Saved entries:
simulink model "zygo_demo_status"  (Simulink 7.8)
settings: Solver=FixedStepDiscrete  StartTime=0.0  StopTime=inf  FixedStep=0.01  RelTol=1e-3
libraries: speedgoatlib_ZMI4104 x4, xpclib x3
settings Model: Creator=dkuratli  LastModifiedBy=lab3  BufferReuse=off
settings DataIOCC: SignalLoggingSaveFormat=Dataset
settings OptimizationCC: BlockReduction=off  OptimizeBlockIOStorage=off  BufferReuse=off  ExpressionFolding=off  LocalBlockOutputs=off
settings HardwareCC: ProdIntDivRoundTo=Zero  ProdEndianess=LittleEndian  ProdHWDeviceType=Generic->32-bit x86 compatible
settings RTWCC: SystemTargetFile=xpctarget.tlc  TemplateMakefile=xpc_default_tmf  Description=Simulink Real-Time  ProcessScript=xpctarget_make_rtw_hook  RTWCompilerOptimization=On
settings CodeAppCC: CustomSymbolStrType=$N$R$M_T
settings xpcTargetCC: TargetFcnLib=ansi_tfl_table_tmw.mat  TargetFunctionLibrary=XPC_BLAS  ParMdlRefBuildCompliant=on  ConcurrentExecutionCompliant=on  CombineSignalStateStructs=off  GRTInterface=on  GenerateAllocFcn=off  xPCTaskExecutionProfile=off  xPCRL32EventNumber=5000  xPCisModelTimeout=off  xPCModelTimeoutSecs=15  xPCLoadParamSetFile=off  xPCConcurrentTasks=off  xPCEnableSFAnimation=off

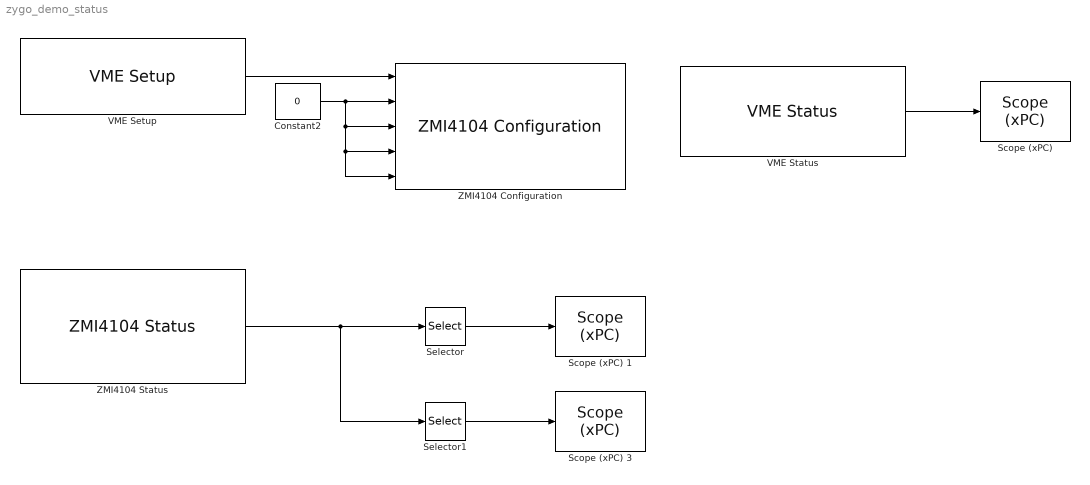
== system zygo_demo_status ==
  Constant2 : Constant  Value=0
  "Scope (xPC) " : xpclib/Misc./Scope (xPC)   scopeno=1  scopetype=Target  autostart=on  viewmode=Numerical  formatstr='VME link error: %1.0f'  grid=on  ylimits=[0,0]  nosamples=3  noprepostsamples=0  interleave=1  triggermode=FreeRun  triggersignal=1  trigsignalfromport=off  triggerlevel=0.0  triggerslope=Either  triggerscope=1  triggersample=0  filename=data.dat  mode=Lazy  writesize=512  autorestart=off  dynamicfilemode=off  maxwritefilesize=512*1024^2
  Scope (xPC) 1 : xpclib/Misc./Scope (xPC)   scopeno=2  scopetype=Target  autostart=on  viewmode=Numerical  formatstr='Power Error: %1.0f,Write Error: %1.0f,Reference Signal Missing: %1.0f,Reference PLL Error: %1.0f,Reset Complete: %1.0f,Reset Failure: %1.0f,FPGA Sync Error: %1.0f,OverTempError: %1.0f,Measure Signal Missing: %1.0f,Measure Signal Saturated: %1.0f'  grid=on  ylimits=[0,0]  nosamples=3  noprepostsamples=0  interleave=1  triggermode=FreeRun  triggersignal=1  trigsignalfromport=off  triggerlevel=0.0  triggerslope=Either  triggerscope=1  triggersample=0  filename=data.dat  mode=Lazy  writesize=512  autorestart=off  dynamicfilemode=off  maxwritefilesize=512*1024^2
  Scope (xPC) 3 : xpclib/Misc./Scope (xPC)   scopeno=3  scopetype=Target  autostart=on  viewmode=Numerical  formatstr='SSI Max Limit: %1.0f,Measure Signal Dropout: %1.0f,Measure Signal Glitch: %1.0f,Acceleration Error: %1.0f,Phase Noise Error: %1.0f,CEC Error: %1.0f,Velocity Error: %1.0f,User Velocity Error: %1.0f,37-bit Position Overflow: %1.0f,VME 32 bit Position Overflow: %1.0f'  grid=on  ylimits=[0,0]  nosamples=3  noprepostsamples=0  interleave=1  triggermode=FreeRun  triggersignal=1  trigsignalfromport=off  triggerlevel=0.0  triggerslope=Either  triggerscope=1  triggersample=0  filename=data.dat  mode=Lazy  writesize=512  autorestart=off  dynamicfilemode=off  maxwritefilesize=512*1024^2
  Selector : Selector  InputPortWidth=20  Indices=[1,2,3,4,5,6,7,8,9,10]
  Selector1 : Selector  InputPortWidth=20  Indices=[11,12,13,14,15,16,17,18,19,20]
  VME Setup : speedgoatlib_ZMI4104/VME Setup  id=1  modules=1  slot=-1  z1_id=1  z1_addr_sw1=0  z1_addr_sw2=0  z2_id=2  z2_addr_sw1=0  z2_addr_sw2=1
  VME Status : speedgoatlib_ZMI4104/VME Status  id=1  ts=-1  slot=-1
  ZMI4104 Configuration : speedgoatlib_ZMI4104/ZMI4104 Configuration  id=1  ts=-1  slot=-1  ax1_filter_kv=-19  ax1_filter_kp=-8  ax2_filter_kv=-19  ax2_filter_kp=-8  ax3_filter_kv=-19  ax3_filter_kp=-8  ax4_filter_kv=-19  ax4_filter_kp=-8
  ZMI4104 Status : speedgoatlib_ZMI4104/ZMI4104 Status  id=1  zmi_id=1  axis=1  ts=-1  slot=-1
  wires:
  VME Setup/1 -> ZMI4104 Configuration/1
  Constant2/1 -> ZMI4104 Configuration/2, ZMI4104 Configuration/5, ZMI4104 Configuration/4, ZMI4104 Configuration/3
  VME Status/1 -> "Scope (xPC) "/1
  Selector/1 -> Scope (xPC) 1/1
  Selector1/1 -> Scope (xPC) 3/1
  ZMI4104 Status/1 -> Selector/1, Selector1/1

→ Exercise
In the entries above, every line from the line with "settings HardwareCC: ProdIntDivRoundTo=Zero" to the line with "Scope (xPC) 1 : xpclib/Misc./Scope" is to be printed exactly, with both ends included and pictures excluded.

→ Task result
settings HardwareCC: ProdIntDivRoundTo=Zero  ProdEndianess=LittleEndian  ProdHWDeviceType=Generic->32-bit x86 compatible
settings RTWCC: SystemTargetFile=xpctarget.tlc  TemplateMakefile=xpc_default_tmf  Description=Simulink Real-Time  ProcessScript=xpctarget_make_rtw_hook  RTWCompilerOptimization=On
settings CodeAppCC: CustomSymbolStrType=$N$R$M_T
settings xpcTargetCC: TargetFcnLib=ansi_tfl_table_tmw.mat  TargetFunctionLibrary=XPC_BLAS  ParMdlRefBuildCompliant=on  ConcurrentExecutionCompliant=on  CombineSignalStateStructs=off  GRTInterface=on  GenerateAllocFcn=off  xPCTaskExecutionProfile=off  xPCRL32EventNumber=5000  xPCisModelTimeout=off  xPCModelTimeoutSecs=15  xPCLoadParamSetFile=off  xPCConcurrentTasks=off  xPCEnableSFAnimation=off

== system zygo_demo_status ==
  Constant2 : Constant  Value=0
  "Scope (xPC) " : xpclib/Misc./Scope (xPC)   scopeno=1  scopetype=Target  autostart=on  viewmode=Numerical  formatstr='VME link error: %1.0f'  grid=on  ylimits=[0,0]  nosamples=3  noprepostsamples=0  interleave=1  triggermode=FreeRun  triggersignal=1  trigsignalfromport=off  triggerlevel=0.0  triggerslope=Either  triggerscope=1  triggersample=0  filename=data.dat  mode=Lazy  writesize=512  autorestart=off  dynamicfilemode=off  maxwritefilesize=512*1024^2
  Scope (xPC) 1 : xpclib/Misc./Scope (xPC)   scopeno=2  scopetype=Target  autostart=on  viewmode=Numerical  formatstr='Power Error: %1.0f,Write Error: %1.0f,Reference Signal Missing: %1.0f,Reference PLL Error: %1.0f,Reset Complete: %1.0f,Reset Failure: %1.0f,FPGA Sync Error: %1.0f,OverTempError: %1.0f,Measure Signal Missing: %1.0f,Measure Signal Saturated: %1.0f'  grid=on  ylimits=[0,0]  nosamples=3  noprepostsamples=0  interleave=1  triggermode=FreeRun  triggersignal=1  trigsignalfromport=off  triggerlevel=0.0  triggerslope=Either  triggerscope=1  triggersample=0  filename=data.dat  mode=Lazy  writesize=512  autorestart=off  dynamicfilemode=off  maxwritefilesize=512*1024^2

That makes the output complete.